During the six months it spent under enemy rule, scores of locals in Balakliya were locked in overcrowded basements, with some being dragged to torture chambers.
Some residents report being beaten, electrocuted and forced to endure mock executions.
Officials from Russia’s Federal Security Service are reported to have carried out the heinous interrogations on civilians, according to documents retrieved from the area following Ukraine’s liberation of the city.
But some are believed to have been helped by local people who were on the side of the Russians.
Oleg Kalaida, a former head of security at a chicken farm, was one stooge who was appointed to chief of police after agreeing to serve as a Kremlin henchman.
Local officials told Ukrainian journalists he “collaborated on his own will” and was rewarded by the Russians with the rank of general and now he faces up to 15 years in prison for treason.
Ukraine has already launched investigations into 1,309 suspected traitors and 450 prosecutions of collaborators accused of betraying their own country.
Others are being tracked down and hunted by resistance fighters.
A Kyiv Government official produced a list which identifies 29 retribution killings, with 13 more assassination attempts that left some targets injured, the Daily Mail reports.
Another alleged collaborator is Dmitry Chigrinov, a 45-year-old gangster facing charges of kidnapping and assault on hostages in the eastern Ukraine city.
He is also accused of putting up the Russian flag when Russian troops arrived, providing food to enemy forces, secretly passing on names of law enforcement officials and trying to oust the detained mayor so he could take his place.
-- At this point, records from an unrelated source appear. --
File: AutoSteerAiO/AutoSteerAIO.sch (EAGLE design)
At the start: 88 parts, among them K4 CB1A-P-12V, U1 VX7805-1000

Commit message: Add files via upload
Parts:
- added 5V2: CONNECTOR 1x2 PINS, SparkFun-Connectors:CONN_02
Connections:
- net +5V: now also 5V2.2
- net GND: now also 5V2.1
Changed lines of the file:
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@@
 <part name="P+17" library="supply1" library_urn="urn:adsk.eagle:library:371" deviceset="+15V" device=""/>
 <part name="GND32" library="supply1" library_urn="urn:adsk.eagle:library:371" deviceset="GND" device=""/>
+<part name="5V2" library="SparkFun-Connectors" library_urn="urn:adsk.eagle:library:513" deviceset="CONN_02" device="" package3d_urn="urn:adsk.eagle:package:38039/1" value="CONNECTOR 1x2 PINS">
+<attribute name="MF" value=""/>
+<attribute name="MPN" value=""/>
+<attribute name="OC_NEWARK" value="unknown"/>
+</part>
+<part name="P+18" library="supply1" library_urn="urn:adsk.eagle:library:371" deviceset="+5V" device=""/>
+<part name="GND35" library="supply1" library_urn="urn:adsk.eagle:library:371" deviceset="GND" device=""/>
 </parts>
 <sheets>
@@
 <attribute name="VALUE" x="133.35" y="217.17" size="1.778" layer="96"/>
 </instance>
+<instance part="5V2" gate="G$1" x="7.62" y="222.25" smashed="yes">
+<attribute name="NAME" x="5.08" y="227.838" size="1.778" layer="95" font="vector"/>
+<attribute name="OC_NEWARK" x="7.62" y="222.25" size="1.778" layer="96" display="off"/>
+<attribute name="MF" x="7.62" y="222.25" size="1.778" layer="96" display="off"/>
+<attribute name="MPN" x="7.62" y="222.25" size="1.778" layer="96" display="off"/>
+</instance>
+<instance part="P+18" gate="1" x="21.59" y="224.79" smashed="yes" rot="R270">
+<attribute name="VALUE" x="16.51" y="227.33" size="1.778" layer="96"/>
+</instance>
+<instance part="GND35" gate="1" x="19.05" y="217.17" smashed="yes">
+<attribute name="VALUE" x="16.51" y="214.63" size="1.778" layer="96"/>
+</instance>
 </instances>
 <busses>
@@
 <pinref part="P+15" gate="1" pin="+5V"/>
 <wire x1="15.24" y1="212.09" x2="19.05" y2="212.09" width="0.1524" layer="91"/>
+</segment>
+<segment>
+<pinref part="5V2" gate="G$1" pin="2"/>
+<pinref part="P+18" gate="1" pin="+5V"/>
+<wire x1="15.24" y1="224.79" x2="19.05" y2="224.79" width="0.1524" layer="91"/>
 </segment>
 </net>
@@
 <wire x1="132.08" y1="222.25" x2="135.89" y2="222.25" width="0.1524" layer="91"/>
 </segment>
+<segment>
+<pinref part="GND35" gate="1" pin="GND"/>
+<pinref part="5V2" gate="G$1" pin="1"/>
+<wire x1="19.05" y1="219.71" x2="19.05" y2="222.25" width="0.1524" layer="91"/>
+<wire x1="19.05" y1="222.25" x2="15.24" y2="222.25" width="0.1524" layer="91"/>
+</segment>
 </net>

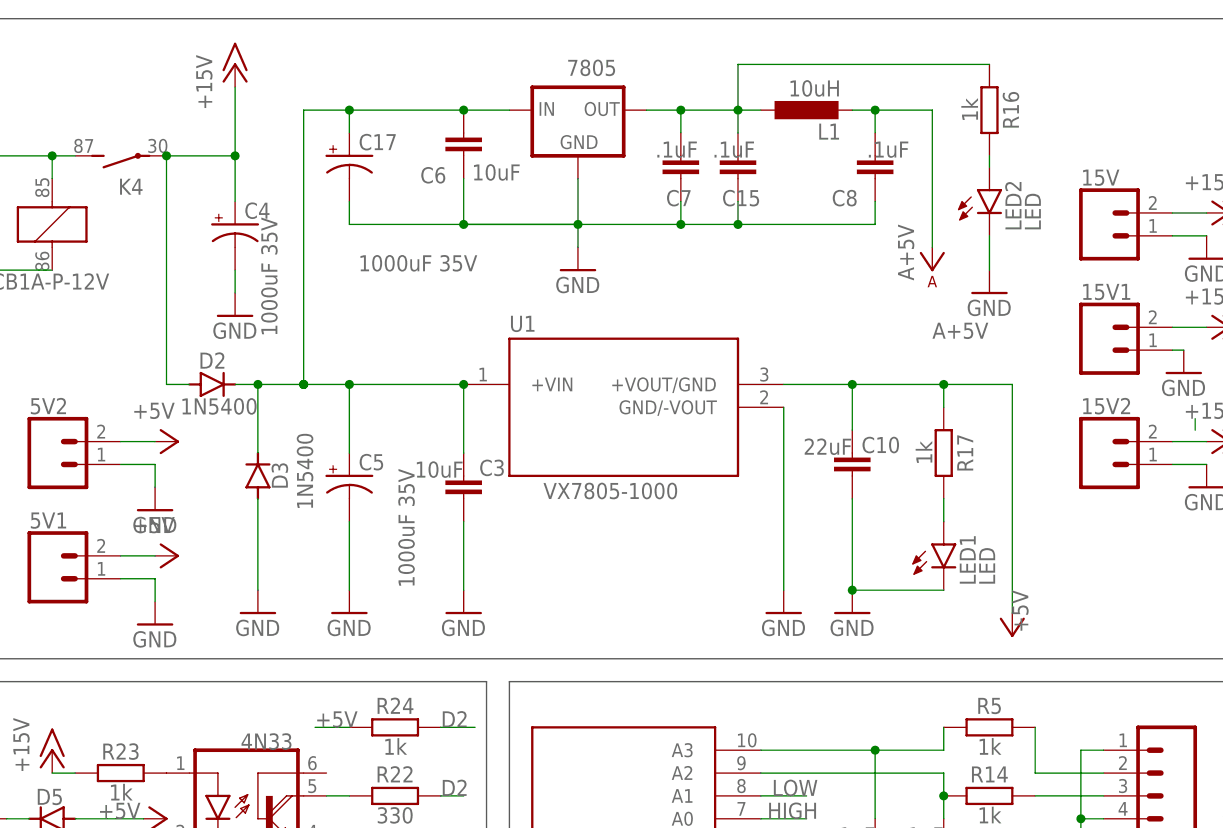
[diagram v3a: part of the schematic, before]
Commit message: Add files via upload
I removed the capacitors and the inductor has no need for them
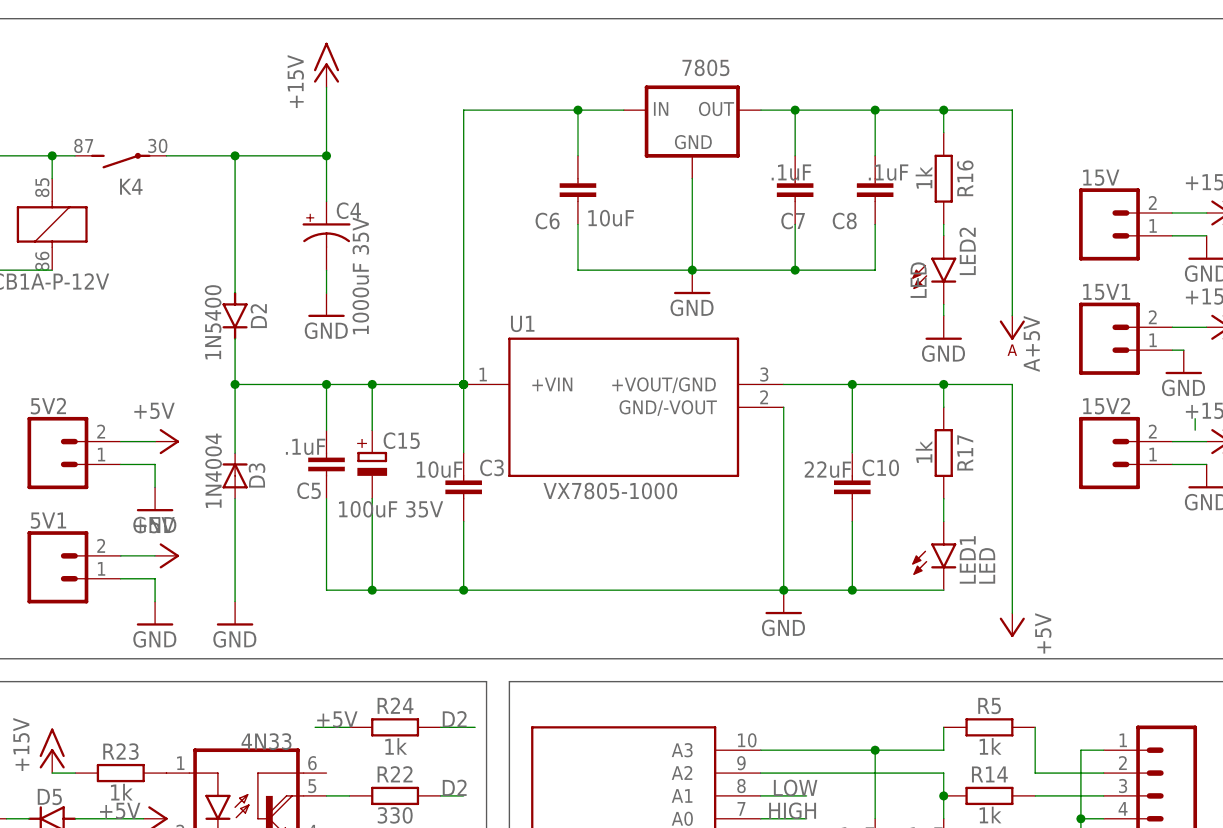
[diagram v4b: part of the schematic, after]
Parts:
- removed C17: 1000uF 35V, SparkFun-Capacitors:1000UF-RADIAL-5MM-25V-20%
- removed L1: 10uH, rcl:L-EU0207/10
- C15: value .1uF -> 100uF 35V; device resistor:C-EU050-024X044 -> rcl:CPOL-EUE2.5-6; OC_NEWARK unknown -> (none)
- C5: value 1000uF 35V -> .1uF; device SparkFun-Capacitors:1000UF-RADIAL-5MM-25V-20% -> resistor:C-EU050-024X044
- D3: value 1N5400 -> 1N4004; device #Diode 2:1N5400 -> #adafruit:1N4004
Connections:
- removed net N$25: 7805.OUT, C15.2, C7.2, L1.1, R16.1
- net A+5V: now also 7805.OUT, C7.2, R16.1; no longer L1.2
- net GND: now also C15.-, C5.1; no longer C15.1, C17.-, C5.-
- net N$26: now also C15.+, C5.2; no longer C17.+, C5.+
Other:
- moved on the sheet: 7805, C10, C4, C6, C7, C8, D2, LED2, R16

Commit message: Add files via upload
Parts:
- removed R4: 330, resistor:R-EU_0207/7
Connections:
- net GND: no longer R4.2
- net LOW.: no longer R4.1
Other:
- moved on the sheet: D4, WAS_D
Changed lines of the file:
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@@
 <?xml version="1.0" encoding="utf-8"?>
 <!DOCTYPE eagle SYSTEM "eagle.dtd">
-<eagle version="9.5.2">
+<eagle version="9.6.1">
 <drawing>
 <settings>
@@
 <attribute name="OC_NEWARK" value="unknown"/>
 </part>
-<part name="R4" library="resistor" library_urn="urn:adsk.eagle:library:348" deviceset="R-EU_" device="0207/7" package3d_urn="urn:adsk.eagle:package:23493/2" value="330">
-<attribute name="MF" value=""/>
-<attribute name="MPN" value=""/>
-<attribute name="OC_NEWARK" value="unknown"/>
-</part>
 <part name="TO_SECTION" library="SparkFun-Connectors" library_urn="urn:adsk.eagle:library:513" deviceset="CONN_02" device="" package3d_urn="urn:adsk.eagle:package:38039/1" value="CONNECTOR 1x2 PINS">
 <attribute name="MF" value=""/>
@@
 <part name="GND26" library="supply1" library_urn="urn:adsk.eagle:library:371" deviceset="GND" device=""/>
 <part name="P+14" library="supply1" library_urn="urn:adsk.eagle:library:371" deviceset="+5V" device=""/>
-<part name="GND27" library="supply1" library_urn="urn:adsk.eagle:library:371" deviceset="GND" device=""/>
 <part name="GND29" library="supply1" library_urn="urn:adsk.eagle:library:371" deviceset="GND" device=""/>
 <part name="GND28" library="supply1" library_urn="urn:adsk.eagle:library:371" deviceset="GND" device=""/>
@@
 <attribute name="MPN" x="71.12" y="177.8" size="1.778" layer="96" display="off"/>
 </instance>
-<instance part="WAS_D" gate="G$1" x="66.04" y="142.24" smashed="yes">
-<attribute name="NAME" x="60.96" y="150.368" size="1.778" layer="95" font="vector"/>
-<attribute name="OC_NEWARK" x="66.04" y="142.24" size="1.778" layer="96" display="off"/>
-<attribute name="MF" x="66.04" y="142.24" size="1.778" layer="96" display="off"/>
-<attribute name="MPN" x="66.04" y="142.24" size="1.778" layer="96" display="off"/>
+<instance part="WAS_D" gate="G$1" x="73.66" y="142.24" smashed="yes">
+<attribute name="NAME" x="68.58" y="150.368" size="1.778" layer="95" font="vector"/>
+<attribute name="OC_NEWARK" x="73.66" y="142.24" size="1.778" layer="96" display="off"/>
+<attribute name="MF" x="73.66" y="142.24" size="1.778" layer="96" display="off"/>
+<attribute name="MPN" x="73.66" y="142.24" size="1.778" layer="96" display="off"/>
 </instance>
 <instance part="STEER-SWITCH" gate="J$1" x="-5.08" y="157.48" smashed="yes">
@@
 <attribute name="MPN" x="129.54" y="147.32" size="1.778" layer="96" display="off"/>
 </instance>
-<instance part="D4" gate="1" x="90.17" y="139.7" smashed="yes" rot="R180">
-<attribute name="NAME" x="91.44" y="143.0274" size="1.778" layer="95" rot="R180"/>
-<attribute name="VALUE" x="93.98" y="138.2014" size="1.778" layer="96" rot="R180"/>
-<attribute name="OC_NEWARK" x="90.17" y="139.7" size="1.778" layer="96" display="off"/>
-<attribute name="MF" x="90.17" y="139.7" size="1.778" layer="96" display="off"/>
-<attribute name="MPN" x="90.17" y="139.7" size="1.778" layer="96" display="off"/>
+<instance part="D4" gate="1" x="95.25" y="139.7" smashed="yes" rot="R180">
+<attribute name="NAME" x="96.52" y="143.0274" size="1.778" layer="95" rot="R180"/>
+<attribute name="VALUE" x="99.06" y="138.2014" size="1.778" layer="96" rot="R180"/>
+<attribute name="OC_NEWARK" x="95.25" y="139.7" size="1.778" layer="96" display="off"/>
+<attribute name="MF" x="95.25" y="139.7" size="1.778" layer="96" display="off"/>
+<attribute name="MPN" x="95.25" y="139.7" size="1.778" layer="96" display="off"/>
 </instance>
 <instance part="P+10" gate="1" x="7.62" y="167.64" smashed="yes">
@@
 <attribute name="MPN" x="27.94" y="220.98" size="1.778" layer="96" display="off"/>
 </instance>
-<instance part="R4" gate="G$1" x="96.52" y="153.035" smashed="yes">
-<attribute name="NAME" x="96.52" y="154.5336" size="1.778" layer="95" rot="R180" align="top-center"/>
-<attribute name="VALUE" x="96.52" y="151.765" size="1.778" layer="95" rot="R180" align="bottom-center"/>
-<attribute name="OC_NEWARK" x="96.52" y="153.035" size="1.778" layer="96" display="off"/>
-<attribute name="MF" x="96.52" y="153.035" size="1.778" layer="96" display="off"/>
-<attribute name="MPN" x="96.52" y="153.035" size="1.778" layer="96" display="off"/>
-</instance>
 <instance part="TO_SECTION" gate="G$1" x="129.54" y="165.1" smashed="yes">
 <attribute name="NAME" x="129.54" y="171.958" size="1.778" layer="95" font="vector" align="center"/>
@@
 </instance>
 <instance part="P+14" gate="1" x="190.5" y="179.07" smashed="yes" rot="R180"/>
-<instance part="GND27" gate="1" x="101.6" y="147.955" smashed="yes">
-<attribute name="VALUE" x="99.06" y="145.415" size="1.778" layer="96"/>
-</instance>
 <instance part="GND29" gate="1" x="121.92" y="139.7" smashed="yes">
 <attribute name="VALUE" x="119.38" y="137.16" size="1.778" layer="96"/>
@@
 <attribute name="VALUE" x="115.57" y="238.76" size="1.778" layer="96" rot="R270"/>
 </instance>
-<instance part="U$15" gate="G$1" x="101.6" y="137.16" smashed="yes" rot="R180">
-<attribute name="VALUE" x="102.87" y="137.16" size="1.778" layer="96"/>
+<instance part="U$15" gate="G$1" x="109.22" y="137.16" smashed="yes" rot="R180">
+<attribute name="VALUE" x="110.49" y="137.16" size="1.778" layer="96"/>
 </instance>
 <instance part="U$16" gate="G$1" x="91.44" y="162.56" smashed="yes" rot="R180">
@@
 <segment>
 <pinref part="WAS_D" gate="G$1" pin="3"/>
-<label x="73.66" y="144.78" size="1.778" layer="95"/>
+<label x="81.28" y="144.78" size="1.778" layer="95"/>
 <pinref part="R11" gate="G$1" pin="1"/>
-<wire x1="71.12" y1="144.78" x2="104.14" y2="144.78" width="0.1524" layer="91"/>
+<wire x1="78.74" y1="144.78" x2="104.14" y2="144.78" width="0.1524" layer="91"/>
 </segment>
 </net>
@@
 <segment>
 <pinref part="WAS_D" gate="G$1" pin="4"/>
-<label x="73.66" y="147.32" size="1.778" layer="95"/>
+<label x="81.28" y="147.32" size="1.778" layer="95"/>
 <pinref part="R10" gate="G$1" pin="1"/>
-<wire x1="71.12" y1="147.32" x2="86.36" y2="147.32" width="0.1524" layer="91"/>
-<wire x1="104.14" y1="157.48" x2="91.44" y2="157.48" width="0.1524" layer="91"/>
-<wire x1="91.44" y1="157.48" x2="86.36" y2="157.48" width="0.1524" layer="91"/>
-<wire x1="86.36" y1="157.48" x2="86.36" y2="147.32" width="0.1524" layer="91"/>
-<pinref part="R4" gate="G$1" pin="1"/>
-<wire x1="91.44" y1="153.035" x2="91.44" y2="157.48" width="0.1524" layer="91"/>
-<junction x="91.44" y="157.48"/>
+<wire x1="78.74" y1="147.32" x2="99.06" y2="147.32" width="0.1524" layer="91"/>
+<wire x1="104.14" y1="157.48" x2="99.06" y2="157.48" width="0.1524" layer="91"/>
+<wire x1="99.06" y1="157.48" x2="99.06" y2="147.32" width="0.1524" layer="91"/>
 </segment>
 </net>
@@
 <segment>
 <pinref part="WAS_D" gate="G$1" pin="2"/>
-<label x="73.66" y="142.24" size="1.778" layer="95"/>
+<label x="81.28" y="142.24" size="1.778" layer="95"/>
 <pinref part="C13" gate="G$1" pin="1"/>
 <pinref part="C14" gate="G$1" pin="1"/>
@@
 <junction x="129.54" y="142.24"/>
 <wire x1="129.54" y1="142.24" x2="137.16" y2="142.24" width="0.1524" layer="91"/>
-<wire x1="71.12" y1="142.24" x2="121.92" y2="142.24" width="0.1524" layer="91"/>
+<wire x1="78.74" y1="142.24" x2="121.92" y2="142.24" width="0.1524" layer="91"/>
 <pinref part="GND29" gate="1" pin="GND"/>
 <junction x="121.92" y="142.24"/>
@@
 </segment>
 <segment>
-<pinref part="R4" gate="G$1" pin="2"/>
-<pinref part="GND27" gate="1" pin="GND"/>
-<wire x1="101.6" y1="153.035" x2="101.6" y2="150.495" width="0.1524" layer="91"/>
-</segment>
-<segment>
 <pinref part="STEER-SWITCH" gate="J$1" pin="1"/>
 <pinref part="GND16" gate="1" pin="GND"/>
@@
 <segment>
 <pinref part="WAS_D" gate="G$1" pin="1"/>
-<wire x1="71.12" y1="139.7" x2="87.63" y2="139.7" width="0.1524" layer="91"/>
+<wire x1="78.74" y1="139.7" x2="92.71" y2="139.7" width="0.1524" layer="91"/>
 <pinref part="D4" gate="1" pin="C"/>
-<label x="73.66" y="139.7" size="1.778" layer="95"/>
+<label x="81.28" y="139.7" size="1.778" layer="95"/>
 </segment>
 </net>
@@
 <segment>
 <pinref part="D4" gate="1" pin="A"/>
-<wire x1="92.71" y1="139.7" x2="101.6" y2="139.7" width="0.1524" layer="91"/>
+<wire x1="97.79" y1="139.7" x2="109.22" y2="139.7" width="0.1524" layer="91"/>
 <pinref part="U$15" gate="G$1" pin="A+5V"/>
 </segment>

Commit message: Add files via upload
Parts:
- removed OR: CONNECTOR 1x3 PINS, SparkFun-Connectors:CONN_03
- added 5V3: CONNECTOR 1x2 PINS, SparkFun-Connectors:CONN_02
- added J1: (no value), SparkFun-Connectors:CONN_01
- added U$1: MD13S, #Motor Drivers:MD13S
- added U$2: IBT2, #Motor Drivers:IBT2
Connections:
- removed net EN: IBT2.3, IBT2.4, OR.2
- removed net SAO: MMA8542.SAO
- new net A6: 0.2, PCB1.A6
- new net A7: 0.1, PCB1.A7
- net +5V: now also 5V3.2
- net A0: now also 1.3; no longer 1.2
- net A1: now also 1.2; no longer 1.1
- net A2: now also 1.1; no longer 0.2
- net A3: now also 0.3; no longer 0.1
- net D5: now also J1.1; no longer OR.1
- net DIR: now also IBT2.3, IBT2.4; no longer OR.3
- net GND: now also 5V3.1, MMA8542.SAO; no longer 0.3, 1.3
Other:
- moved on the sheet: 0

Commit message: Add files via upload
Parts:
- added RST: CONNECTOR 1x2 PINS, SparkFun-Connectors:CONN_02
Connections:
- new net RST: PCB1.RST., RST.2
- net GND: now also RST.1
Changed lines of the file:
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@@
 <part name="J1" library="SparkFun-Connectors" library_urn="urn:adsk.eagle:library:513" deviceset="CONN_01" device="" package3d_urn="urn:adsk.eagle:package:38028/1"/>
 <part name="GND24" library="supply1" library_urn="urn:adsk.eagle:library:371" deviceset="GND" device=""/>
+<part name="RST" library="SparkFun-Connectors" library_urn="urn:adsk.eagle:library:513" deviceset="CONN_02" device="" package3d_urn="urn:adsk.eagle:package:38039/1" value="CONNECTOR 1x2 PINS">
+<attribute name="MF" value=""/>
+<attribute name="MPN" value=""/>
+<attribute name="OC_NEWARK" value="unknown"/>
+</part>
 </parts>
 <sheets>
@@
 <attribute name="VALUE" x="58.42" y="114.3" size="1.778" layer="96"/>
 </instance>
+<instance part="RST" gate="G$1" x="195.58" y="167.64" smashed="yes">
+<attribute name="NAME" x="195.58" y="174.498" size="1.778" layer="95" font="vector" align="center"/>
+<attribute name="OC_NEWARK" x="195.58" y="167.64" size="1.778" layer="96" display="off"/>
+<attribute name="MF" x="195.58" y="167.64" size="1.778" layer="96" display="off"/>
+<attribute name="MPN" x="195.58" y="167.64" size="1.778" layer="96" display="off"/>
+</instance>
 </instances>
 <busses>
@@
 <wire x1="215.9" y1="139.7" x2="215.9" y2="147.32" width="0.1524" layer="91"/>
 <pinref part="PCB1" gate="G$1" pin="GND"/>
-<wire x1="177.8" y1="134.62" x2="172.72" y2="134.62" width="0.1524" layer="91"/>
-<wire x1="172.72" y1="134.62" x2="163.83" y2="134.62" width="0.1524" layer="91"/>
+<wire x1="177.8" y1="134.62" x2="167.64" y2="134.62" width="0.1524" layer="91"/>
+<wire x1="167.64" y1="134.62" x2="163.83" y2="134.62" width="0.1524" layer="91"/>
 <pinref part="GND33" gate="1" pin="GND"/>
-<wire x1="215.9" y1="147.32" x2="172.72" y2="147.32" width="0.1524" layer="91"/>
-<wire x1="172.72" y1="134.62" x2="172.72" y2="147.32" width="0.1524" layer="91"/>
-<junction x="172.72" y="134.62"/>
+<wire x1="215.9" y1="147.32" x2="167.64" y2="147.32" width="0.1524" layer="91"/>
+<wire x1="167.64" y1="134.62" x2="167.64" y2="147.32" width="0.1524" layer="91"/>
+<junction x="167.64" y="134.62"/>
 </segment>
 <segment>
@@
 <wire x1="68.58" y1="119.38" x2="60.96" y2="119.38" width="0.1524" layer="91"/>
 <pinref part="GND24" gate="1" pin="GND"/>
+</segment>
+<segment>
+<pinref part="RST" gate="G$1" pin="1"/>
+<wire x1="203.2" y1="167.64" x2="210.82" y2="167.64" width="0.1524" layer="91"/>
+<label x="205.74" y="167.64" size="1.778" layer="95"/>
 </segment>
 </net>
@@
 </segment>
 </net>
+<net name="RST" class="0">
+<segment>
+<pinref part="PCB1" gate="G$1" pin="RST."/>
+<wire x1="210.82" y1="137.16" x2="220.98" y2="137.16" width="0.1524" layer="91"/>
+<label x="215.9" y="137.16" size="1.778" layer="95"/>
+</segment>
+<segment>
+<pinref part="RST" gate="G$1" pin="2"/>
+<wire x1="203.2" y1="170.18" x2="210.82" y2="170.18" width="0.1524" layer="91"/>
+<label x="205.74" y="170.18" size="1.778" layer="95"/>
+</segment>
+</net>

Anton Gerashchenko, an adviser to the interior ministry, said: “A hunt has been declared on collaborators and their life is not protected by law.
“Our intelligence services are eliminating them, shooting them like pigs”.
One Ukrainian woman, who had been detained in Balakliya’s basement cells, was shocked by some of her neighbours actions in helping Putin’s troops, some of whom she had known for 40 years.
Balakliya was under Russian rule for six months before it was reclaimed by Ukrainians in a lightning advance through the eastern region of Kharkiv, launched on September 6.
Hanna Maliar, Ukraine’s deputy defence minister, said the counter-offensive had, last month, reclaimed terrain equivalent in scale to more than twice the size of Greater London but the city remains battered from shelling.